Сайт продается, подробности: whatsapp telegram
Собрание сочинений в тридцати томах. Том 26. Статьи, речи, приветствия 1931-1933

заметок.

 

Люди эти, разумеется, не могут возбудить наших симпатий, но они очень полезны, потому что они натуралисты. Родоначальником их был Хам, бойкий парнишка, который обнажил наготу пьяного отца своего. Они тоже занимаются обнажением грязной наготы своего папаши — класса, наполняя полосы мещанских газет многословными описаниями семейного развала в мещанском обществе, рассказами об убийствах, самоубийствах, о разных формах воровства, мошенничества и жульничества. Их ремеслорыться в крови, грязи, в мусоре мещанской жизни, они очень увлечены этим ремеслом и дают широкую, весьма красочную картину истлевания, гниения европейской, буржуазной культуры. Они и сами тоже гнилые, но это — полезные гнилушки, потому что их «натурализм» освещает действительность довольно ярко. К показаниям этих людей нужно относиться внимательно, но подражать им не следует, потому что они людишки бездушные, воспринимают драмы своей мещанской действительности как материал, который продаётся, покупается и обеспечивает «натуралисту» известное количество жратвы.

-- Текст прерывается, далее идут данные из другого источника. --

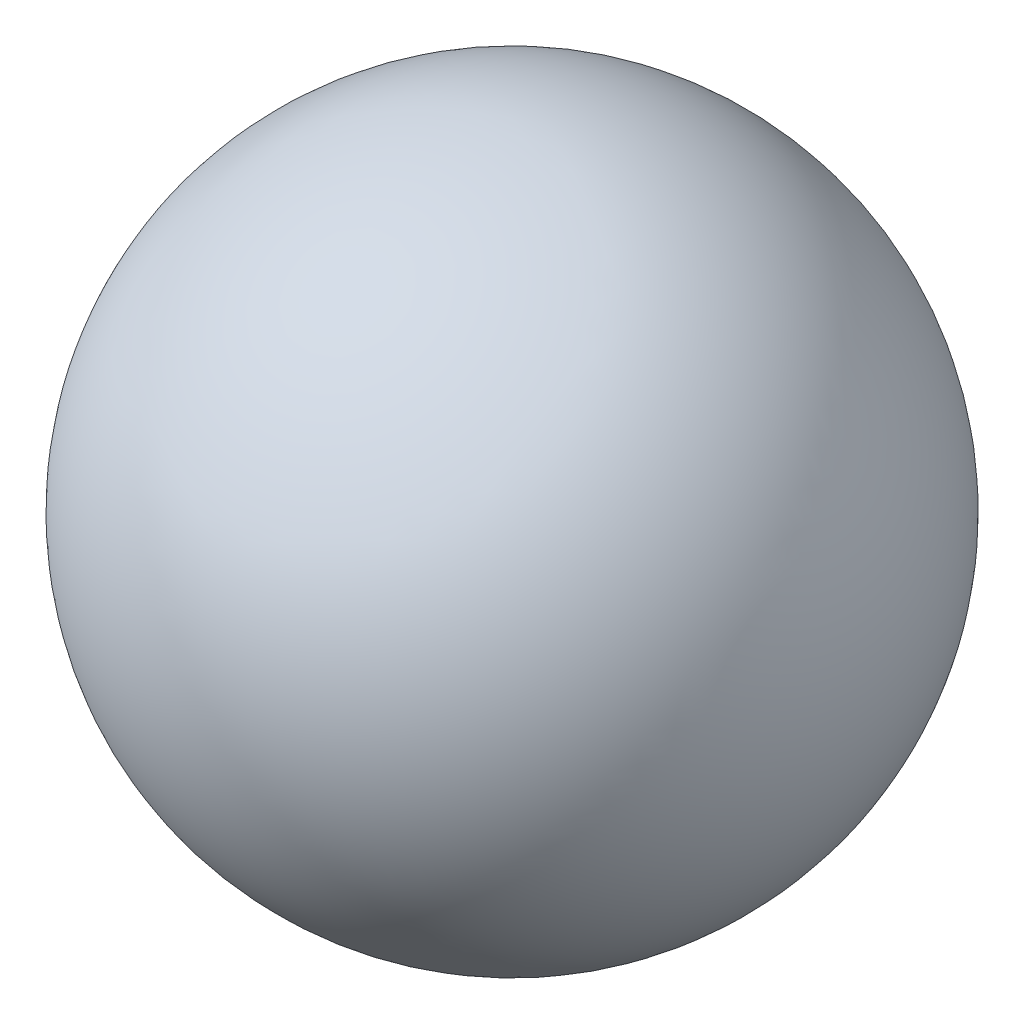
from build123d import *


with BuildPart() as part:
    # Sketch1 → Revolve1 (revolve)
    with BuildSketch(Plane.XY):
        with BuildLine():
            Line((3.69, 6.5), (1.31, 6.5))
            ThreePointArc((1.31, 6.5), (2.5, 7.69), (3.69, 6.5))
        make_face()
    revolve(axis=Axis((50, 6.5, 0), (-1, 0, 0)))


solid = part.part
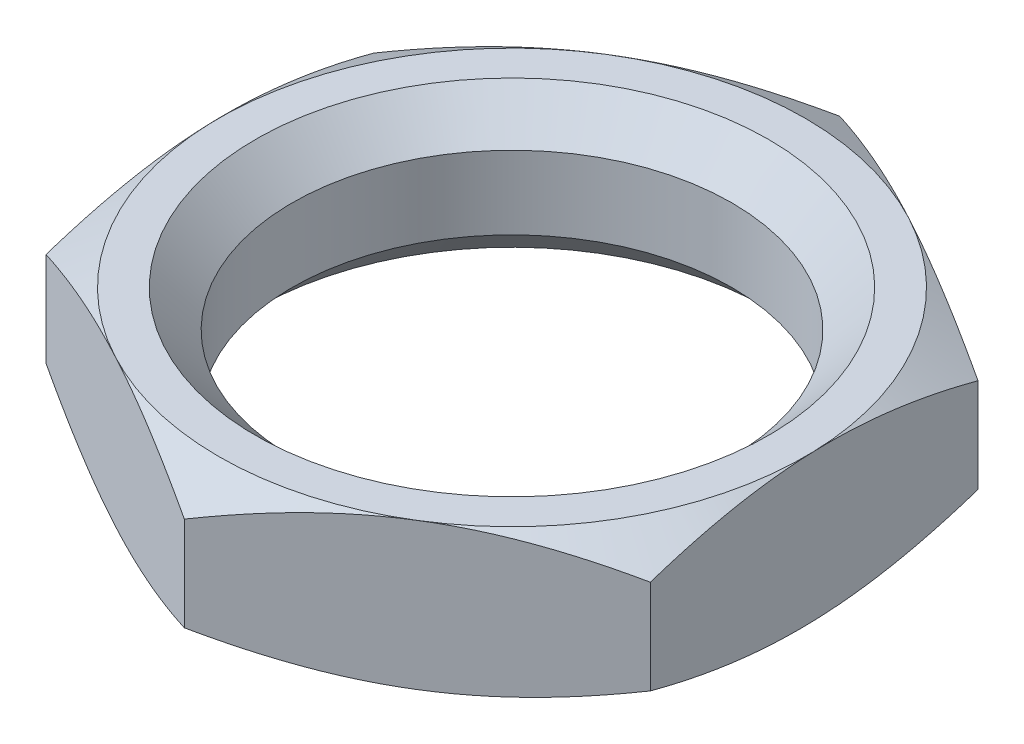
from build123d import *

# Parameters (mm, degrees)
EXTRUDE1_DEPTH         = 4
M14X2_0_TAPPED_HOLE1_D = 12
CHAMFER1_SIZE          = 1


with BuildPart() as part:
    # Sketch1 → Extrude1 (new body)
    with BuildSketch(Plane(origin=(0, 0, 0), x_dir=(1, 0, 0), z_dir=(0, 1, 0))):
        Polygon((7.851064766, 4.867660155), (-0.289984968, 9.233051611), (-8.141049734, 4.365391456), (-7.851064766, -4.867660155), (0.289984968, -9.233051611), (8.141049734, -4.365391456), align=None)
    extrude(amount=EXTRUDE1_DEPTH)

    # M14x2.0 Tapped Hole1 (through all)
    with Locations(Plane.ZX.offset(4)):
        with Locations((0, 0)):
            Hole(M14X2_0_TAPPED_HOLE1_D / 2)

    # Chamfer1
    chamfer1_edges = [part.edges().sort_by_distance(p)[0] for p in [
        (0, 4, 6),
        (0, 0, 6),
    ]]
    chamfer(chamfer1_edges, length=CHAMFER1_SIZE)

    # Sketch13 → Cut-Revolve1 (revolve, cut)
    with BuildSketch(Plane(origin=(0, 0, 0), x_dir=(-0.9995071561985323, 0, 0.03139179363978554), z_dir=(-0.03139179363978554, 0, -0.9995071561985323))):
        Polygon((-8, 4), (-11, 4), (-11, 2.267949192), align=None)
        Polygon((-8, 0), (-11, 0), (-11, 1.732050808), align=None)
    revolve(axis=Axis((0, 2.267949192, 0), (0, 1, 0)), mode=Mode.SUBTRACT)


solid = part.part

В нашей, советской действительности довольно много всякого старья, оно быстро отмирает. У нас тоже существуют и кое-что пишут своеобразные «натуралисты». Я не решусь назвать их потомками Хама, ибо иногда мне кажется, что они подчёркивают бытие всякой дряни и гадости из соображений гигиенических, из желания поскорее доконать, добить издыхающее и вышвырнуть его прочь из быта. Но, подчёркивая, забывают о политическом такте.

Они очень зорко видят и как будто правдиво рассказывают. Вот, например, в книжке одного литературно грамотного сочинителя я читаю: «На работу в губполитпросвете человек с бородкой попал недавно и по недоразумению: раньше он был смотрителем кладбища».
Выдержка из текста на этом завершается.